4

I've looked around and it doesn't seem like there were any questions posted before regarding this. I have two GRanges object with some coordinates, and I would like to subtract the intervals of one from the other. This is different from finding overlaps with findOverlaps() or using intersect().

For instance:

granges.in 

seqnames ranges$start ranges$end
chr01 1100 2000
chr01 2100 3000
chr02 1000 4000
chr03 1500 3500

granges.out

seqnames ranges$start ranges$end
chr01 1000 1200
chr02 2500 3000
chr03 1500 2000
chr03 3000 3500

and I want:

granges.ref

seqnames ranges$start ranges$end
chr01 1200 2000
chr01 2100 3000
chr02 1000 2500
chr02 3000 4000
chr03 2000 3000

The following works, but it's pretty clumsy and I would have to do it chromosome by chromosome as the number of intervals per chromosome does not match between the two objects.

setdiff(ranges(genome.ref[seqnames(granges.in) == "chr01"]), 
        ranges(interval[seqnames(granges.out)== "chr01"]))
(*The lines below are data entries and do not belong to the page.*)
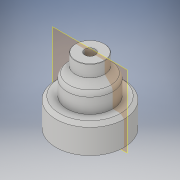
# Autodesk Inventor part: plasma tip handheld
Saved by Autodesk Inventor 2019 (Build 230136000, 136)
## iProperties
Created: 2019-01-23
Part Number: plasma tip handheld
Material: Generic
Document SubType Name: Modeling
Designer: torba
Density: 1 g/cm^3
Appearance: Default
Author: torba
Autodesk Inventor part; units mm, degrees
ref_plane "YZ Plane" through (0, 0, 0) normal (1, 0, 0) x (0, 1, 0)
ref_plane "XZ Plane" through (0, 0, 0) normal (0, 1, 0) x (-1, 0, 0)
sketch "Sketch1" plane through (0, 0, 0) normal (0, 1, 0) x (-1, 0, 0)
  circle A0 centre (0, 0) radius 12.7
  dimension "d0" = 25.4
  constraints: 1 centre point, 1 coincident
  measures "d0" diameter of A0
extrude "Extrusion1" add sketch "Sketch1" along normal blind 10.414
chamfer "Chamfer1" distance 1.27 angle 45 1 edges at (12.7, 10.414, 0)
sketch "Sketch2" plane through (0, 10.414, 0) normal (0, 1, 0) x (1, 0, 0)
  circle A0 centre (0, 0) radius 8.5344
  dimension "d6" = 17.0688
  constraints: 1 centre point, 1 coincident
  measures "d6" diameter of A0
extrude "Extrusion2" add sketch "Sketch2" along normal blind 9.6774
chamfer "Chamfer2" distance 3.048 angle 45 1 edges at (-8.5344, 20.0914, 0)
fillet "Fillet1" radius 2.54 1 edges at (-8.5344, 17.0434, 0)
sketch "Sketch3" plane through (0, 20.0914, 0) normal (0, 1, 0) x (1, 0, 0)
  circle A0 centre (0, 0) radius 5.4673
  dimension "d13" = 10.9347
  constraints: 1 centre point, 1 coincident
  measures "d13" diameter of A0
extrude "Extrusion3" add sketch "Sketch3" along normal blind 4.4704
fillet "Fillet2" radius 0.127 1 edges at (-5.4673, 24.5618, 0)
sketch "Sketch4" plane through (0, 24.5618, 0) normal (0, 1, 0) x (1, 0, 0)
  circle A0 centre (0, 0) radius 1.9685
  dimension "d17" = 3.937
  constraints: 1 centre point, 1 coincident
  measures "d17" diameter of A0
extrude "Extrusion4" cut sketch "Sketch4" against normal blind 24.638
sketch "Sketch5" plane through (0, 0, 0) normal (0, 0, 1) x (1, 0, 0)
  point P0 (0, 0)
body "Solid1"

Is there a quicker, more effective way to do using the two GRanges object as a whole?

zx8754
  • 52,746
  • 12
  • 114
  • 209
user3245575
  • 83
  • 2
  • 9
  • you should ask https://www.biostars.org/ – Pierre Jul 10 '14 at 13:30
  • 1
    `setdiff` also works on GRanges objects - is that not what you want? – Gavin Kelly Jul 11 '14 at 08:17
  • Hi Gavin thanks for the suggestion. I've tried that but it gives only non overlapping ranges until it reaches the same number of ranges as the first item in setdiff() - it doesn't actually change the start and end positions of each interval – user3245575 Jul 11 '14 at 09:50
  • 2
    Odd, if I do `x <- GRanges(c(1,1,2,3),IRanges(c(1100,2100,1000,1500), c(2000,3000,4000,3500)))` and `y <- GRanges(c(1,2,3,3), IRanges(c(1000,2500,1500,3000), c(1200,3000,2000,3500))))` then `setdiff(x,y)` gives roughly what you requested. Does it not, for you - maybe check you've got latest version of the packages? – Gavin Kelly Jul 11 '14 at 15:18
  • Yes, that only seems to work if the total number of entries is the same in the two Granges objects... – user3245575 Jul 15 '14 at 09:26
  • 4
    Have you tried to use the "ignore.strand=TRUE" argument in setdiff() ? This can result in an a problem like the one described above, since setdiff is strand specific (which is also why it works when you do it on ranges only - since you remove the strand information.) – Kristoffer Vitting-Seerup Dec 15 '14 at 11:57

1 Answers1

1
setdiff(x, y, ignore.strand=TRUE) 

can work. Similarly, plyranges library is quite easy to use GRanges as well.